Planning for the Unexpected: Selecting Guardians for Minor Children

 In Family Law, Wills and Estates Law

survey from 2018 estimates that 51% of Canadians don’t have wills.  Of those polled, 25% think they are too young, and 23% don’t believe they have enough assets for a will.  Eight percent reported that they didn’t have a will because they did not want to think about dying.

I have heard from parents with young children that one of the reasons they put off making a will is because they do not know who to choose as guardians for their minor children if both parents are deceased.  Undoubtedly, this can be a difficult and emotional topic to think about and discuss.  Even if you have family or friends in your life who would be excellent choices, it’s hard to think about not being around for your children.  Some people don’t have family members or friends they can rely on or who live close by.

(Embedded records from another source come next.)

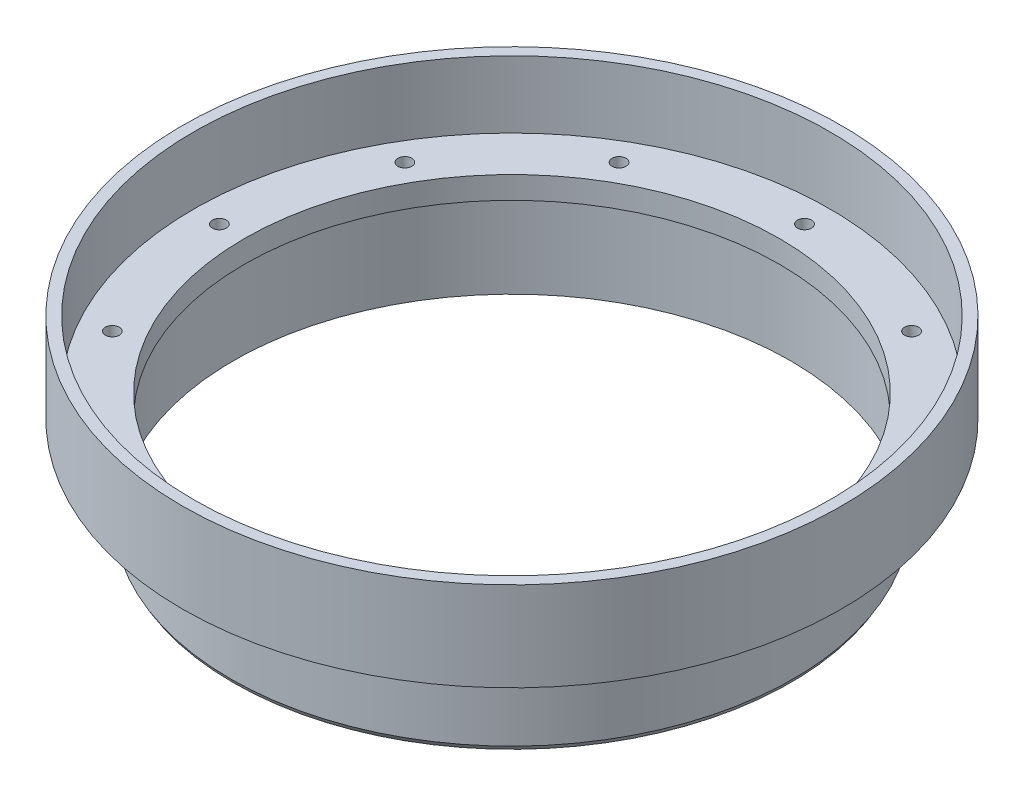
ISO-10303-21;
HEADER;
FILE_DESCRIPTION(('STEP AP214'),'2;1');
FILE_NAME('part.step','',(''),(''),'','','');
FILE_SCHEMA(('AUTOMOTIVE_DESIGN { 1 0 10303 214 1 1 1 1 }'));
ENDSEC;
DATA;
#1=APPLICATION_CONTEXT('core data for automotive mechanical design processes');
#2=APPLICATION_PROTOCOL_DEFINITION('international standard','automotive_design',2000,#1);
#3=PRODUCT_CONTEXT('',#1,'mechanical');
#4=PRODUCT('Part','Part','',(#3));
#5=PRODUCT_RELATED_PRODUCT_CATEGORY('part','',(#4));
#6=PRODUCT_DEFINITION_FORMATION('','',#4);
#7=PRODUCT_DEFINITION_CONTEXT('part definition',#1,'design');
#8=PRODUCT_DEFINITION('design','',#6,#7);
#9=PRODUCT_DEFINITION_SHAPE('','',#8);
#10=(LENGTH_UNIT() NAMED_UNIT(*) SI_UNIT(.MILLI.,.METRE.));
#11=(NAMED_UNIT(*) PLANE_ANGLE_UNIT() SI_UNIT($,.RADIAN.));
#12=(NAMED_UNIT(*) SI_UNIT($,.STERADIAN.) SOLID_ANGLE_UNIT());
#13=UNCERTAINTY_MEASURE_WITH_UNIT(LENGTH_MEASURE(1.E-05),#10,'distance_accuracy_value','');
#14=(GEOMETRIC_REPRESENTATION_CONTEXT(3) GLOBAL_UNCERTAINTY_ASSIGNED_CONTEXT((#13)) GLOBAL_UNIT_ASSIGNED_CONTEXT((#10,
#11,#12)) REPRESENTATION_CONTEXT('',''));
#15=CARTESIAN_POINT('',(0.,0.,0.));
#16=DIRECTION('',(0.,0.,1.));
#17=DIRECTION('',(1.,0.,0.));
#18=AXIS2_PLACEMENT_3D('',#15,#16,#17);
#19=CARTESIAN_POINT('',(-45.339,0.,0.));
#20=DIRECTION('',(0.,1.,0.));
#21=DIRECTION('',(0.,0.,1.));
#22=AXIS2_PLACEMENT_3D('',#19,#20,#21);
#23=PLANE('',#22);
#24=CARTESIAN_POINT('',(-36.0751542200448,0.,20.8279999999996));
#25=DIRECTION('',(0.,1.,0.));
#26=DIRECTION('',(0.,0.,1.));
#27=AXIS2_PLACEMENT_3D('',#24,#25,#26);
#28=CIRCLE('',#27,0.996949999999996);
#29=CARTESIAN_POINT('',(-36.0751542200448,0.,21.8249499999996));
#30=VERTEX_POINT('',#29);
#31=EDGE_CURVE('E154',#30,#30,#28,.T.);
#32=ORIENTED_EDGE('',*,*,#31,.F.);
#33=EDGE_LOOP('',(#32));
#34=FACE_BOUND('',#33,.T.);
#35=CARTESIAN_POINT('',(-20.8280000000004,0.,36.0751542200444));
#36=DIRECTION('',(0.,1.,0.));
#37=DIRECTION('',(0.,0.,1.));
#38=AXIS2_PLACEMENT_3D('',#35,#36,#37);
#39=CIRCLE('',#38,0.99695);
#40=CARTESIAN_POINT('',(-20.8280000000004,0.,37.0721042200444));
#41=VERTEX_POINT('',#40);
#42=EDGE_CURVE('E158',#41,#41,#39,.T.);
#43=ORIENTED_EDGE('',*,*,#42,.F.);
#44=EDGE_LOOP('',(#43));
#45=FACE_BOUND('',#44,.T.);
#46=CARTESIAN_POINT('',(-3.57226130743964E-13,0.,41.656));
#47=DIRECTION('',(0.,1.,0.));
#48=DIRECTION('',(0.,0.,1.));
#49=AXIS2_PLACEMENT_3D('',#46,#47,#48);
#50=CIRCLE('',#49,0.996949999999999);
#51=CARTESIAN_POINT('',(-3.57226130743964E-13,0.,42.65295));
#52=VERTEX_POINT('',#51);
#53=EDGE_CURVE('E86',#52,#52,#50,.T.);
#54=ORIENTED_EDGE('',*,*,#53,.F.);
#55=EDGE_LOOP('',(#54));
#56=FACE_BOUND('',#55,.T.);
#57=CARTESIAN_POINT('',(20.8279999999997,0.,36.0751542200447));
#58=DIRECTION('',(0.,1.,0.));
#59=DIRECTION('',(0.,0.,1.));
#60=AXIS2_PLACEMENT_3D('',#57,#58,#59);
#61=CIRCLE('',#60,0.99695);
#62=CARTESIAN_POINT('',(20.8279999999997,0.,37.0721042200447));
#63=VERTEX_POINT('',#62);
#64=EDGE_CURVE('E75',#63,#63,#61,.T.);
#65=ORIENTED_EDGE('',*,*,#64,.F.);
#66=EDGE_LOOP('',(#65));
#67=FACE_BOUND('',#66,.T.);
#68=CARTESIAN_POINT('',(36.0751542200444,0.,20.8280000000002));
#69=DIRECTION('',(0.,1.,0.));
#70=DIRECTION('',(0.,0.,1.));
#71=AXIS2_PLACEMENT_3D('',#68,#69,#70);
#72=CIRCLE('',#71,0.996949999999996);
#73=CARTESIAN_POINT('',(36.0751542200444,0.,21.8249500000002));
#74=VERTEX_POINT('',#73);
#75=EDGE_CURVE('E72',#74,#74,#72,.T.);
#76=ORIENTED_EDGE('',*,*,#75,.F.);
#77=EDGE_LOOP('',(#76));
#78=FACE_BOUND('',#77,.T.);
#79=CARTESIAN_POINT('',(41.656,0.,2.30283964218628E-13));
#80=DIRECTION('',(0.,1.,0.));
#81=DIRECTION('',(0.,0.,1.));
#82=AXIS2_PLACEMENT_3D('',#79,#80,#81);
#83=CIRCLE('',#82,0.996949999999996);
#84=CARTESIAN_POINT('',(41.656,0.,0.996950000000227));
#85=VERTEX_POINT('',#84);
#86=EDGE_CURVE('E71',#85,#85,#83,.T.);
#87=ORIENTED_EDGE('',*,*,#86,.F.);
#88=EDGE_LOOP('',(#87));
#89=FACE_BOUND('',#88,.T.);
#90=CARTESIAN_POINT('',(36.0751542200447,0.,-20.8279999999998));
#91=DIRECTION('',(0.,1.,0.));
#92=DIRECTION('',(0.,0.,1.));
#93=AXIS2_PLACEMENT_3D('',#90,#91,#92);
#94=CIRCLE('',#93,0.996949999999996);
#95=CARTESIAN_POINT('',(36.0751542200447,0.,-19.8310499999998));
#96=VERTEX_POINT('',#95);
#97=EDGE_CURVE('E68',#96,#96,#94,.T.);
#98=ORIENTED_EDGE('',*,*,#97,.F.);
#99=EDGE_LOOP('',(#98));
#100=FACE_BOUND('',#99,.T.);
#101=CARTESIAN_POINT('',(20.8280000000001,0.,-36.0751542200445));
#102=DIRECTION('',(0.,1.,0.));
#103=DIRECTION('',(0.,0.,1.));
#104=AXIS2_PLACEMENT_3D('',#101,#102,#103);
#105=CIRCLE('',#104,0.99695);
#106=CARTESIAN_POINT('',(20.8280000000001,0.,-35.0782042200445));
#107=VERTEX_POINT('',#106);
#108=EDGE_CURVE('E64',#107,#107,#105,.T.);
#109=ORIENTED_EDGE('',*,*,#108,.F.);
#110=EDGE_LOOP('',(#109));
#111=FACE_BOUND('',#110,.T.);
#112=CARTESIAN_POINT('',(1.1259128775605E-13,0.,-41.656));
#113=DIRECTION('',(0.,1.,0.));
#114=DIRECTION('',(0.,0.,1.));
#115=AXIS2_PLACEMENT_3D('',#112,#113,#114);
#116=CIRCLE('',#115,0.996949999999999);
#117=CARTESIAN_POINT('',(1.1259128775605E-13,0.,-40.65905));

Notwithstanding the difficulty of the decision, it is an important one to make.  Section 61 of the Children’s Law Reform Act, R.S.O. 1990, c. C. 12 is the legislation that governs appointments for guardians in a will.  A person who has custody of a child is entitled to appoint one or more persons to have custody of the child after the death of the appointor.

The appointment will expire within ninety (90) days from the death of the appointor unless the appointee applies for custody of the child(ren) within the ninety (90) day period, in which case it will expire when the matter is resolved.

Separated spouses should discuss who they want to appoint as guardians in their will and consider including a provision in this regard in their Separation Agreement.

Ultimately the court retains the authority to determine if an applicant should have custody of the child, regardless of an appointment under the will.  The child’s best interests will be the overarching factor the court considers in granting custody to an applicant.  In the fact of a disputed application, significant deference will be given to the appointment, unless there are reasons it would not be in the best interests of the child to grant custody to the appointee.

Choosing guardians for your children is one of the most important decisions you will make when considering your estate plan.  If you want to ensure your wishes are known, be sure to formalize an appointment in your will.